The obesity epidemic, it seems, is just as much of a burden on the planet as an exploding population.

Global Heavyweights



Not surprisingly, obesity rates vary widely across the globe. In North America, 73.9 percent of the population is overweight or obese. Compare that to 24.2 percent in Asia, which is the world's slimmest continent.

Using data on body mass index (BMI), height distributions and population counts, the researchers calculated total human biomass, biomass due to overweight (defined as BMI >25) and biomass due to obesity (BMI >30) for each country. A small number of countries were excluded from the analysis due to lack of available information.

A Huge Tragedy Of The Commons



Looking solely at food consumption, the group estimated the additional energy required for earth's expanding waistlines.

If global biomass increases so that all countries have the same BMI distribution as the United States, the energy required to sustain the additional heft would be roughly equivalent to the energy demands of 473 million extra people of healthy size.

But not all wealthy countries appear to have the same obesity problems as the United States.

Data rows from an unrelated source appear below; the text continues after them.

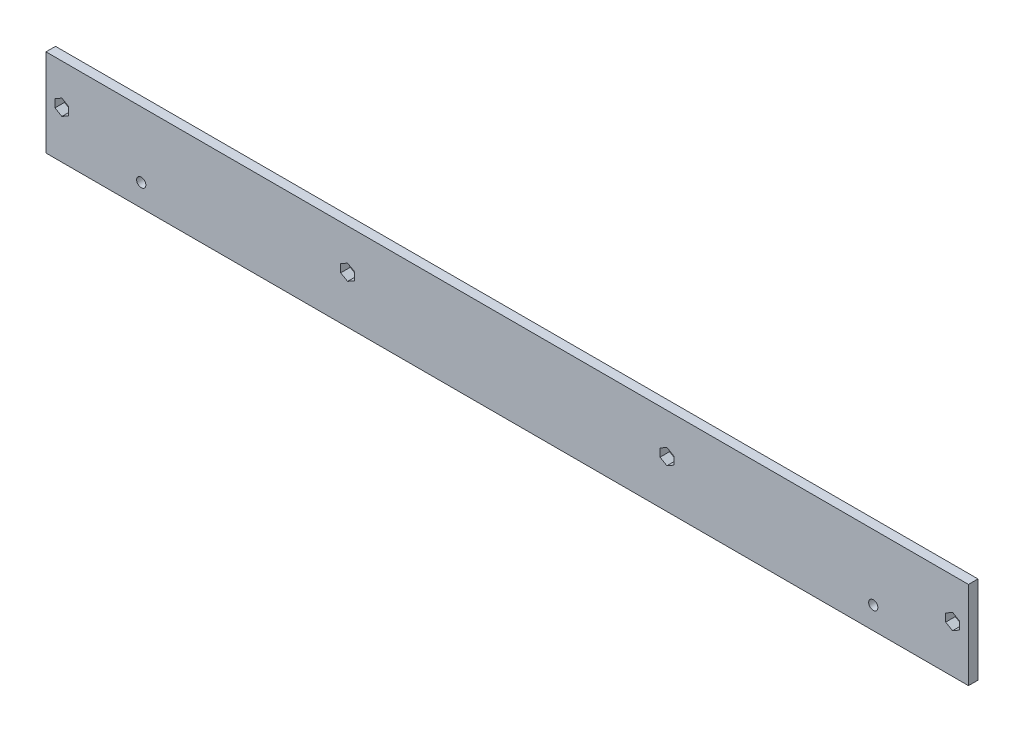
ISO-10303-21;
HEADER;
FILE_DESCRIPTION(('STEP AP214'),'2;1');
FILE_NAME('part.step','',(''),(''),'','','');
FILE_SCHEMA(('AUTOMOTIVE_DESIGN { 1 0 10303 214 1 1 1 1 }'));
ENDSEC;
DATA;
#1=APPLICATION_CONTEXT('core data for automotive mechanical design processes');
#2=APPLICATION_PROTOCOL_DEFINITION('international standard','automotive_design',2000,#1);
#3=PRODUCT_CONTEXT('',#1,'mechanical');
#4=PRODUCT('Part','Part','',(#3));
#5=PRODUCT_RELATED_PRODUCT_CATEGORY('part','',(#4));
#6=PRODUCT_DEFINITION_FORMATION('','',#4);
#7=PRODUCT_DEFINITION_CONTEXT('part definition',#1,'design');
#8=PRODUCT_DEFINITION('design','',#6,#7);
#9=PRODUCT_DEFINITION_SHAPE('','',#8);
#10=(LENGTH_UNIT() NAMED_UNIT(*) SI_UNIT(.MILLI.,.METRE.));
#11=(NAMED_UNIT(*) PLANE_ANGLE_UNIT() SI_UNIT($,.RADIAN.));
#12=(NAMED_UNIT(*) SI_UNIT($,.STERADIAN.) SOLID_ANGLE_UNIT());
#13=UNCERTAINTY_MEASURE_WITH_UNIT(LENGTH_MEASURE(1.E-05),#10,'distance_accuracy_value','');
#14=(GEOMETRIC_REPRESENTATION_CONTEXT(3) GLOBAL_UNCERTAINTY_ASSIGNED_CONTEXT((#13)) GLOBAL_UNIT_ASSIGNED_CONTEXT((#10,
#11,#12)) REPRESENTATION_CONTEXT('',''));
#15=CARTESIAN_POINT('',(0.,0.,0.));
#16=DIRECTION('',(0.,0.,1.));
#17=DIRECTION('',(1.,0.,0.));
#18=AXIS2_PLACEMENT_3D('',#15,#16,#17);
#19=CARTESIAN_POINT('',(-3.92699081749999,0.,3.));
#20=DIRECTION('',(0.,0.,1.));
#21=DIRECTION('',(1.,0.,0.));
#22=AXIS2_PLACEMENT_3D('',#19,#20,#21);
#23=PLANE('',#22);
#24=DIRECTION('',(-0.866025403784439,-0.5,0.));
#25=VECTOR('',#24,1.);
#26=CARTESIAN_POINT('',(3.23807269196111,13.75,3.));
#27=LINE('',#26,#25);
#28=CARTESIAN_POINT('',(3.23807269196111,13.75,3.));
#29=VERTEX_POINT('',#28);
#30=CARTESIAN_POINT('',(1.07300918250001,12.5,3.));
#31=VERTEX_POINT('',#30);
#32=EDGE_CURVE('E225',#29,#31,#27,.T.);
#33=ORIENTED_EDGE('',*,*,#32,.T.);
#34=DIRECTION('',(-0.866025403784439,0.5,0.));
#35=VECTOR('',#34,1.);
#36=CARTESIAN_POINT('',(1.07300918250001,12.5,3.));
#37=LINE('',#36,#35);
#38=CARTESIAN_POINT('',(-1.09205432696108,13.75,3.));
#39=VERTEX_POINT('',#38);
#40=EDGE_CURVE('E236',#31,#39,#37,.T.);
#41=ORIENTED_EDGE('',*,*,#40,.T.);
#42=DIRECTION('',(0.,1.,0.));
#43=VECTOR('',#42,1.);
#44=CARTESIAN_POINT('',(-1.09205432696108,13.75,3.));
#45=LINE('',#44,#43);
#46=CARTESIAN_POINT('',(-1.09205432696108,16.25,3.));
#47=VERTEX_POINT('',#46);
#48=EDGE_CURVE('E51',#39,#47,#45,.T.);
#49=ORIENTED_EDGE('',*,*,#48,.T.);
#50=DIRECTION('',(0.866025403784438,0.500000000000001,0.));
#51=VECTOR('',#50,1.);
#52=CARTESIAN_POINT('',(-1.09205432696108,16.25,3.));
#53=LINE('',#52,#51);
#54=CARTESIAN_POINT('',(1.07300918250001,17.5,3.));
#55=VERTEX_POINT('',#54);
#56=EDGE_CURVE('E250',#47,#55,#53,.T.);
#57=ORIENTED_EDGE('',*,*,#56,.T.);
#58=DIRECTION('',(0.866025403784438,-0.500000000000001,0.));
#59=VECTOR('',#58,1.);
#60=CARTESIAN_POINT('',(1.07300918250001,17.5,3.));
#61=LINE('',#60,#59);
#62=CARTESIAN_POINT('',(3.23807269196111,16.25,3.));
#63=VERTEX_POINT('',#62);
#64=EDGE_CURVE('E253',#55,#63,#61,.T.);
#65=ORIENTED_EDGE('',*,*,#64,.T.);
#66=DIRECTION('',(0.,-1.,0.));
#67=VECTOR('',#66,1.);
#68=CARTESIAN_POINT('',(3.23807269196111,16.25,3.));
#69=LINE('',#68,#67);
#70=EDGE_CURVE('E233',#63,#29,#69,.T.);
#71=ORIENTED_EDGE('',*,*,#70,.T.);
#72=EDGE_LOOP('',(#33,#41,#49,#57,#65,#71));
#73=FACE_BOUND('',#72,.T.);
#74=DIRECTION('',(-0.866025403784438,0.500000000000001,0.));
#75=VECTOR('',#74,1.);
#76=CARTESIAN_POINT('',(91.0730091825,12.5,3.));
#77=LINE('',#76,#75);
#78=CARTESIAN_POINT('',(91.0730091825,12.5,3.));
#79=VERTEX_POINT('',#78);
#80=CARTESIAN_POINT('',(88.9079456730389,13.75,3.));
#81=VERTEX_POINT('',#80);
#82=EDGE_CURVE('E278',#79,#81,#77,.T.);
#83=ORIENTED_EDGE('',*,*,#82,.T.);
#84=DIRECTION('',(0.,1.,0.));
#85=VECTOR('',#84,1.);
#86=CARTESIAN_POINT('',(88.9079456730389,13.75,3.));
#87=LINE('',#86,#85);
#88=CARTESIAN_POINT('',(88.9079456730389,16.25,3.));
#89=VERTEX_POINT('',#88);
#90=EDGE_CURVE('E281',#81,#89,#87,.T.);
#91=ORIENTED_EDGE('',*,*,#90,.T.);
#92=DIRECTION('',(0.866025403784439,0.5,0.));
#93=VECTOR('',#92,1.);
#94=CARTESIAN_POINT('',(88.9079456730389,16.25,3.));
#95=LINE('',#94,#93);
#96=CARTESIAN_POINT('',(91.0730091825,17.5,3.));
#97=VERTEX_POINT('',#96);
#98=EDGE_CURVE('E59',#89,#97,#95,.T.);
#99=ORIENTED_EDGE('',*,*,#98,.T.);
#100=DIRECTION('',(0.866025403784439,-0.499999999999999,0.));
#101=VECTOR('',#100,1.);
#102=CARTESIAN_POINT('',(91.0730091825,17.5,3.));
#103=LINE('',#102,#101);
#104=CARTESIAN_POINT('',(93.2380726919611,16.25,3.));
#105=VERTEX_POINT('',#104);
#106=EDGE_CURVE('E286',#97,#105,#103,.T.);
#107=ORIENTED_EDGE('',*,*,#106,.T.);
#108=DIRECTION('',(0.,-1.,0.));
#109=VECTOR('',#108,1.);
#110=CARTESIAN_POINT('',(93.2380726919611,16.25,3.));
#111=LINE('',#110,#109);
#112=CARTESIAN_POINT('',(93.2380726919611,13.75,3.));
#113=VERTEX_POINT('',#112);
#114=EDGE_CURVE('E289',#105,#113,#111,.T.);
#115=ORIENTED_EDGE('',*,*,#114,.T.);
#116=DIRECTION('',(-0.866025403784439,-0.499999999999999,0.));
#117=VECTOR('',#116,1.);
#118=CARTESIAN_POINT('',(93.2380726919611,13.75,3.));
#119=LINE('',#118,#117);
#120=EDGE_CURVE('E292',#113,#79,#119,.T.);
#121=ORIENTED_EDGE('',*,*,#120,.T.);
#122=EDGE_LOOP('',(#83,#91,#99,#107,#115,#121));
#123=FACE_BOUND('',#122,.T.);
#124=DIRECTION('',(-0.866025403784437,0.500000000000002,0.));
#125=VECTOR('',#124,1.);
#126=CARTESIAN_POINT('',(191.6703296775,12.5,3.));
#127=LINE('',#126,#125);
#128=CARTESIAN_POINT('',(191.6703296775,12.5,3.));
#129=VERTEX_POINT('',#128);
#130=CARTESIAN_POINT('',(189.505266168039,13.75,3.));
#131=VERTEX_POINT('',#130);
#132=EDGE_CURVE('E324',#129,#131,#127,.T.);
#133=ORIENTED_EDGE('',*,*,#132,.T.);
#134=DIRECTION('',(0.,1.,0.));
#135=VECTOR('',#134,1.);
#136=CARTESIAN_POINT('',(189.505266168039,13.75,3.));
#137=LINE('',#136,#135);
#138=CARTESIAN_POINT('',(189.505266168039,16.2500000000001,3.));
#139=VERTEX_POINT('',#138);
#140=EDGE_CURVE('E327',#131,#139,#137,.T.);
#141=ORIENTED_EDGE('',*,*,#140,.T.);
#142=DIRECTION('',(0.866025403784441,0.499999999999996,0.));
#143=VECTOR('',#142,1.);
#144=CARTESIAN_POINT('',(189.505266168039,16.2500000000001,3.));
#145=LINE('',#144,#143);
#146=CARTESIAN_POINT('',(191.6703296775,17.5000000000001,3.));
#147=VERTEX_POINT('',#146);
#148=EDGE_CURVE('E331',#139,#147,#145,.T.);
#149=ORIENTED_EDGE('',*,*,#148,.T.);
#150=DIRECTION('',(0.866025403784438,-0.500000000000001,0.));
#151=VECTOR('',#150,1.);
#152=CARTESIAN_POINT('',(191.6703296775,17.5000000000001,3.));
#153=LINE('',#152,#151);
#154=CARTESIAN_POINT('',(193.835393186961,16.2500000000001,3.));
#155=VERTEX_POINT('',#154);
#156=EDGE_CURVE('E334',#147,#155,#153,.T.);
#157=ORIENTED_EDGE('',*,*,#156,.T.);
#158=DIRECTION('',(0.,-1.,0.));
#159=VECTOR('',#158,1.);
#160=CARTESIAN_POINT('',(193.835393186961,16.2500000000001,3.));
#161=LINE('',#160,#159);
#162=CARTESIAN_POINT('',(193.835393186961,13.7500000000001,3.));
#163=VERTEX_POINT('',#162);
#164=EDGE_CURVE('E337',#155,#163,#161,.T.);
#165=ORIENTED_EDGE('',*,*,#164,.T.);
#166=DIRECTION('',(-0.86602540378444,-0.499999999999998,0.));
#167=VECTOR('',#166,1.);
#168=CARTESIAN_POINT('',(193.835393186961,13.7500000000001,3.));
#169=LINE('',#168,#167);
#170=EDGE_CURVE('E340',#163,#129,#169,.T.);
#171=ORIENTED_EDGE('',*,*,#170,.T.);
#172=EDGE_LOOP('',(#133,#141,#149,#157,#165,#171));
#173=FACE_BOUND('',#172,.T.);
#174=DIRECTION('',(-0.866025403784439,0.499999999999999,0.));
#175=VECTOR('',#174,1.);
#176=CARTESIAN_POINT('',(281.6703296775,12.5000000000001,3.));
#177=LINE('',#176,#175);
#178=CARTESIAN_POINT('',(281.6703296775,12.5000000000001,3.));
#179=VERTEX_POINT('',#178);
#180=CARTESIAN_POINT('',(279.505266168039,13.7500000000001,3.));
#181=VERTEX_POINT('',#180);
#182=EDGE_CURVE('E372',#179,#181,#177,.T.);
#183=ORIENTED_EDGE('',*,*,#182,.T.);
#184=DIRECTION('',(0.,1.,0.));
#185=VECTOR('',#184,1.);
#186=CARTESIAN_POINT('',(279.505266168039,13.7500000000001,3.));
#187=LINE('',#186,#185);
#188=CARTESIAN_POINT('',(279.505266168039,16.2499999999999,3.));
#189=VERTEX_POINT('',#188);
#190=EDGE_CURVE('E375',#181,#189,#187,.T.);
#191=ORIENTED_EDGE('',*,*,#190,.T.);
#192=DIRECTION('',(0.866025403784441,0.499999999999996,0.));
#193=VECTOR('',#192,1.);
#194=CARTESIAN_POINT('',(279.505266168039,16.2499999999999,3.));
#195=LINE('',#194,#193);
#196=CARTESIAN_POINT('',(281.6703296775,17.4999999999999,3.));
#197=VERTEX_POINT('',#196);
#198=EDGE_CURVE('E379',#189,#197,#195,.T.);
#199=ORIENTED_EDGE('',*,*,#198,.T.);
#200=DIRECTION('',(0.866025403784436,-0.500000000000004,0.));
#201=VECTOR('',#200,1.);
#202=CARTESIAN_POINT('',(281.6703296775,17.4999999999999,3.));
#203=LINE('',#202,#201);
#204=CARTESIAN_POINT('',(283.835393186961,16.2499999999999,3.));
#205=VERTEX_POINT('',#204);
#206=EDGE_CURVE('E382',#197,#205,#203,.T.);
#207=ORIENTED_EDGE('',*,*,#206,.T.);
#208=DIRECTION('',(0.,-1.,0.));
#209=VECTOR('',#208,1.);
#210=CARTESIAN_POINT('',(283.835393186961,16.2499999999999,3.));
#211=LINE('',#210,#209);
#212=CARTESIAN_POINT('',(283.835393186961,13.7500000000001,3.));
#213=VERTEX_POINT('',#212);
#214=EDGE_CURVE('E385',#205,#213,#211,.T.);
#215=ORIENTED_EDGE('',*,*,#214,.T.);
#216=DIRECTION('',(-0.866025403784438,-0.500000000000001,0.));
#217=VECTOR('',#216,1.);
#218=CARTESIAN_POINT('',(283.835393186961,13.7500000000001,3.));
#219=LINE('',#218,#217);
#220=EDGE_CURVE('E388',#213,#179,#219,.T.);
#221=ORIENTED_EDGE('',*,*,#220,.T.);
#222=EDGE_LOOP('',(#183,#191,#199,#207,#215,#221));
#223=FACE_BOUND('',#222,.T.);
#224=CARTESIAN_POINT('',(256.6703296775,7.,3.));
#225=DIRECTION('',(0.,0.,1.));
#226=DIRECTION('',(1.,0.,0.));
#227=AXIS2_PLACEMENT_3D('',#224,#225,#226);
#228=CIRCLE('',#227,1.45);
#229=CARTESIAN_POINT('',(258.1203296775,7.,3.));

"The Japanese example is quite strong. Average BMI (Body Mass Index) in USA in 2005 was 28.7. In Japan, it was 22. You can be lean without being really poor, and Japan seems to have pulled that off," asserts Roberts.

The Rise Of Car Culture



Going down the list of heaviest countries, you find that nations like Kuwait and Egypt are not far behind United States.

In a recent interview with NPR, Roberts theorized, "What's common between those is actually the price of gasoline is very low. So where gasoline is really cheap, we over-consume it, it's bad for the environment and actually because we should be using food energy for human movement. If we use gasoline for human movement, then we store the food energy and you know where we store it."

The researchers also point out that a rise in caloric demand means that more fossil fuels are used to produce and transport food. In the future, they plan to quantify how carbon emissions relate to overweight populations.